• Task instructions: Among the entries below, please repeat exactly and only the lines from the line containing "with 4.5.12 LTS)" to the line containing "# ---- collections", both lines included.

• Dataset records:

^^^^^^^^^^^^^^^^

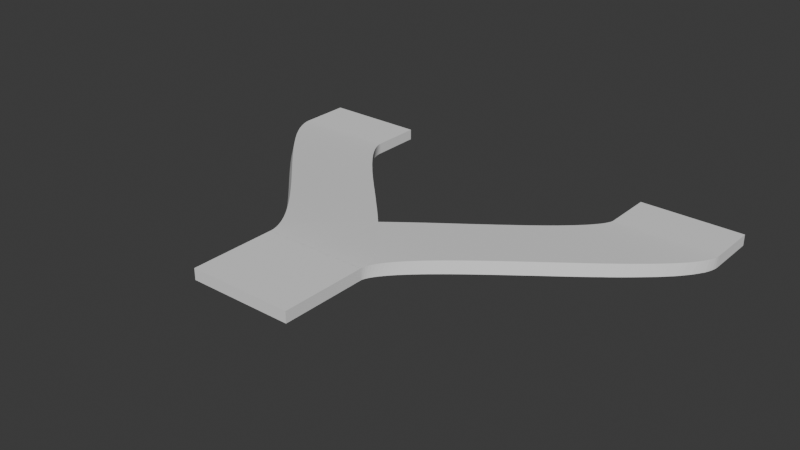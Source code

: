 # Source: two_path.blend  (saved by Blender 4.4.30; exported with 4.5.12 LTS)
import bpy
from mathutils import Matrix  # noqa: F401  (used for matrix-valued properties, if any)

bpy.ops.wm.read_factory_settings(use_empty=True)
scene = bpy.context.scene
scene.name = 'Scene'

# ---- collections
col_collection = bpy.data.collections.new('Collection'); scene.collection.children.link(col_collection)

# ---- world
world_world = bpy.data.worlds.new('World'); scene.world = world_world
world_world.use_nodes = True; world_world.node_tree.nodes.clear()
_N = world_world.node_tree.nodes; _L = world_world.node_tree.links
n0 = _N.new('ShaderNodeOutputWorld'); n0.name = 'World Output'; n0.location = (300, 300)
n1 = _N.new('ShaderNodeBackground'); n1.name = 'Background'; n1.location = (10, 300)
n1.inputs[0].default_value = (0.05088, 0.05088, 0.05088, 1.0)
_L.new(n1.outputs[0], n0.inputs[0])
n0.is_active_output = True
world_world.color = (0.05088, 0.05088, 0.05088)
world_world.sun_shadow_jitter_overblur = 0.0

# ---- meshes
me_cube_001 = bpy.data.meshes.new('Cube.001')
me_cube_001.from_pydata([(-2.982, -1.0, -0.3183), (-2.982, -1.0, 0.3183), (-2.982, 1.0, -0.3183), (-2.982, 1.0, 0.3183), (2.982, -1.0, -0.3183), (2.982, -1.0, 0.3183), (2.982, 1.0, -0.3183), (2.982, 1.0, 0.3183), (-2.982, 3.911, 0.3183), (-2.982, 3.911, -0.3183), (2.982, 3.911, -0.3183), (2.982, 3.911, 0.3183), (8.578, 17.51, -1.306), (8.578, 17.51, -0.6694), (14.54, 17.51, -1.306), (14.54, 17.51, -0.6694), (8.578, 20.42, -0.6694), (8.578, 20.42, -1.306), (14.54, 20.42, -1.306), (14.54, 20.42, -0.6694), (8.568, 17.37, -1.305), (8.537, 17.21, -1.302), (8.487, 17.05, -1.298), (8.416, 16.87, -1.292), (8.327, 16.69, -1.284), (8.22, 16.5, -1.275), (8.095, 16.3, -1.265), (7.953, 16.09, -1.253), (7.796, 15.87, -1.239), (7.623, 15.64, -1.224), (7.436, 15.41, -1.208), (7.236, 15.17, -1.191), (7.022, 14.93, -1.173), (6.797, 14.68, -1.154), (6.561, 14.42, -1.134), (6.314, 14.16, -1.112), (6.057, 13.89, -1.091), (5.792, 13.62, -1.068), (5.519, 13.35, -1.045), (5.238, 13.07, -1.021), (4.952, 12.79, -0.9961), (4.659, 12.51, -0.9711), (4.362, 12.22, -0.9457), (4.061, 11.93, -0.92), (3.756, 11.65, -0.8939), (3.449, 11.36, -0.8677), (3.141, 11.06, -0.8414), (2.831, 10.77, -0.8149), (2.522, 10.48, -0.7885), (2.213, 10.19, -0.7621), (1.905, 9.9, -0.7358), (1.6, 9.611, -0.7098), (1.298, 9.323, -0.684), (1.0, 9.037, -0.6585), (0.7068, 8.753, -0.6334), (0.4189, 8.471, -0.6088), (0.1371, 8.192, -0.5847), (-0.1376, 7.917, -0.5613), (-0.4045, 7.645, -0.5385), (-0.6628, 7.377, -0.5164), (-0.9118, 7.114, -0.4951), (-1.151, 6.855, -0.4747), (-1.378, 6.601, -0.4553), (-1.595, 6.353, -0.4368), (-1.798, 6.111, -0.4194), (-1.989, 5.874, -0.4031), (-2.165, 5.644, -0.3881), (-2.326, 5.421, -0.3743), (-2.472, 5.205, -0.3618), (-2.601, 4.996, -0.3508), (-2.713, 4.794, -0.3412), (-2.807, 4.601, -0.3332), (-2.882, 4.416, -0.3268), (-2.936, 4.239, -0.3221), (-2.97, 4.071, -0.3193), (2.987, 3.979, -0.3187), (3.005, 4.069, -0.3203), (3.04, 4.179, -0.3232), (3.092, 4.308, -0.3277), (3.163, 4.454, -0.3337), (3.252, 4.614, -0.3414), (3.359, 4.787, -0.3505), (3.484, 4.972, -0.3612), (3.626, 5.169, -0.3733), (3.784, 5.375, -0.3868), (3.958, 5.591, -0.4017), (4.146, 5.815, -0.4178), (4.348, 6.047, -0.435), (4.563, 6.286, -0.4534), (4.79, 6.533, -0.4728), (5.029, 6.785, -0.4932), (5.278, 7.043, -0.5144), (5.536, 7.306, -0.5365), (5.803, 7.574, -0.5593), (6.079, 7.846, -0.5828), (6.361, 8.122, -0.607), (6.649, 8.401, -0.6316), (6.943, 8.683, -0.6567), (7.242, 8.968, -0.6822), (7.544, 9.255, -0.7081), (7.85, 9.544, -0.7342), (8.158, 9.834, -0.7605), (8.467, 10.13, -0.7869), (8.777, 10.42, -0.8134), (9.086, 10.71, -0.8398), (9.395, 11.0, -0.8662), (9.702, 11.29, -0.8924), (10.01, 11.58, -0.9185), (10.31, 11.87, -0.9442), (10.61, 12.16, -0.9696), (10.9, 12.45, -0.9946), (11.19, 12.73, -1.019), (11.47, 13.01, -1.043), (11.74, 13.29, -1.067), (12.01, 13.57, -1.089), (12.26, 13.84, -1.111), (12.51, 14.11, -1.132), (12.75, 14.37, -1.153), (12.98, 14.63, -1.172), (13.19, 14.89, -1.191), (13.4, 15.14, -1.208), (13.59, 15.39, -1.224), (13.76, 15.64, -1.239), (13.93, 15.88, -1.253), (14.07, 16.12, -1.266), (14.2, 16.35, -1.277), (14.32, 16.58, -1.287), (14.41, 16.81, -1.295), (14.48, 17.04, -1.301), (14.53, 17.27, -1.305), (2.992, 4.052, 0.3174), (3.023, 4.205, 0.3148), (3.074, 4.369, 0.3104), (3.144, 4.543, 0.3044), (3.233, 4.726, 0.2968), (3.34, 4.919, 0.2876), (3.465, 5.121, 0.277), (3.607, 5.331, 0.2649), (3.764, 5.549, 0.2514), (3.937, 5.775, 0.2367), (4.124, 6.007, 0.2207), (4.325, 6.246, 0.2036), (4.538, 6.491, 0.1853), (4.763, 6.742, 0.1661), (5.0, 6.998, 0.1459), (5.247, 7.259, 0.1248), (5.503, 7.525, 0.1029), (5.768, 7.795, 0.08021), (6.041, 8.069, 0.05687), (6.322, 8.346, 0.03291), (6.609, 8.627, 0.008405), (6.901, 8.91, -0.01658), (7.198, 9.195, -0.04198), (7.5, 9.483, -0.06772), (7.804, 9.772, -0.09374), (8.111, 10.06, -0.12), (8.42, 10.35, -0.1463), (8.729, 10.64, -0.1728), (9.039, 10.94, -0.1992), (9.348, 11.23, -0.2256), (9.655, 11.52, -0.2519), (9.96, 11.81, -0.2779), (10.26, 12.09, -0.3037), (10.56, 12.38, -0.3292), (10.85, 12.66, -0.3543), (11.14, 12.95, -0.3789), (11.42, 13.22, -0.4029), (11.7, 13.5, -0.4264), (11.96, 13.77, -0.4492), (12.22, 14.04, -0.4713), (12.47, 14.3, -0.4926), (12.71, 14.56, -0.513), (12.94, 14.82, -0.5324), (13.15, 15.06, -0.5509), (13.36, 15.31, -0.5683), (13.55, 15.54, -0.5845), (13.73, 15.77, -0.5996), (13.89, 16.0, -0.6134), (14.03, 16.21, -0.6258), (14.16, 16.42, -0.6369), (14.27, 16.62, -0.6464), (14.37, 16.82, -0.6545), (14.44, 17.0, -0.6609), (14.5, 17.18, -0.6655), (14.53, 17.35, -0.6684), (-2.965, 4.144, 0.3169), (-2.919, 4.375, 0.3129), (-2.848, 4.605, 0.3068), (-2.755, 4.836, 0.2989), (-2.643, 5.067, 0.2893), (-2.513, 5.302, 0.2782), (-2.366, 5.539, 0.2656), (-2.204, 5.78, 0.2518), (-2.027, 6.025, 0.2367), (-1.836, 6.274, 0.2204), (-1.632, 6.527, 0.203), (-1.416, 6.784, 0.1845), (-1.189, 7.045, 0.1651), (-0.9507, 7.31, 0.1447), (-0.7026, 7.579, 0.1235), (-0.4452, 7.852, 0.1016), (-0.1793, 8.127, 0.07884), (0.0944, 8.406, 0.05545), (0.3751, 8.687, 0.03146), (0.6622, 8.971, 0.006941), (0.9548, 9.257, -0.01806), (1.252, 9.545, -0.04346), (1.553, 9.835, -0.06921), (1.858, 10.13, -0.09524), (2.165, 10.42, -0.1215), (2.474, 10.71, -0.1479), (2.784, 11.0, -0.1743), (3.094, 11.29, -0.2008), (3.403, 11.58, -0.2272), (3.71, 11.87, -0.2535), (4.016, 12.16, -0.2796), (4.318, 12.45, -0.3054), (4.617, 12.73, -0.331), (4.911, 13.02, -0.3561), (5.2, 13.3, -0.3807), (5.482, 13.57, -0.4048), (5.757, 13.84, -0.4283), (6.024, 14.11, -0.4512), (6.283, 14.37, -0.4732), (6.531, 14.63, -0.4945), (6.77, 14.88, -0.5149), (6.997, 15.13, -0.5343), (7.212, 15.37, -0.5527), (7.414, 15.6, -0.5699), (7.602, 15.83, -0.586), (7.776, 16.04, -0.6008), (7.934, 16.25, -0.6144), (8.076, 16.45, -0.6265), (8.201, 16.63, -0.6372), (8.308, 16.8, -0.6463), (8.397, 16.96, -0.6539), (8.468, 17.11, -0.66), (8.52, 17.24, -0.6644), (8.555, 17.35, -0.6674), (8.573, 17.44, -0.669), (-13.47, 17.51, -1.306), (-13.47, 17.51, -0.6694), (-7.508, 17.51, -1.306), (-7.508, 17.51, -0.6694), (-13.47, 20.42, -0.6694), (-13.47, 20.42, -1.306), (-7.508, 20.42, -1.306), (-7.508, 20.42, -0.6694), (-13.45, 17.26, -1.304), (-13.4, 17.01, -1.3), (-13.33, 16.76, -1.293), (-13.23, 16.51, -1.283), (-13.11, 16.25, -1.272), (-12.97, 16.0, -1.259), (-12.82, 15.74, -1.244), (-12.65, 15.47, -1.228), (-12.46, 15.2, -1.211), (-12.26, 14.92, -1.192), (-12.04, 14.64, -1.171), (-11.82, 14.35, -1.15), (-11.58, 14.06, -1.128), (-11.33, 13.77, -1.104), (-11.07, 13.46, -1.08), (-10.8, 13.16, -1.054), (-10.52, 12.85, -1.028), (-10.24, 12.54, -1.001), (-9.946, 12.23, -0.9741), (-9.651, 11.91, -0.9462), (-9.35, 11.59, -0.9179), (-9.047, 11.27, -0.8894), (-8.74, 10.95, -0.8605), (-8.433, 10.63, -0.8315), (-8.124, 10.31, -0.8024), (-7.815, 9.991, -0.7734), (-7.508, 9.671, -0.7445), (-7.203, 9.353, -0.7157), (-6.901, 9.037, -0.6873), (-6.603, 8.723, -0.6592), (-6.31, 8.413, -0.6316), (-6.023, 8.106, -0.6046), (-5.742, 7.803, -0.5782), (-5.47, 7.505, -0.5526), (-5.207, 7.212, -0.5278), (-4.954, 6.925, -0.504), (-4.711, 6.645, -0.4811), (-4.481, 6.372, -0.4594), (-4.264, 6.107, -0.439), (-4.06, 5.85, -0.4198), (-3.872, 5.603, -0.402), (-3.699, 5.366, -0.3858), (-3.543, 5.14, -0.3712), (-3.406, 4.927, -0.3582), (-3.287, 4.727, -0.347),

^^^^^^^^^^^^^^^^

• Answer box:
: # Source: two_path.blend  (saved by Blender 4.4.30; exported with 4.5.12 LTS)
import bpy
from mathutils import Matrix  # noqa: F401  (used for matrix-valued properties, if any)

bpy.ops.wm.read_factory_settings(use_empty=True)
scene = bpy.context.scene
scene.name = 'Scene'

# ---- collections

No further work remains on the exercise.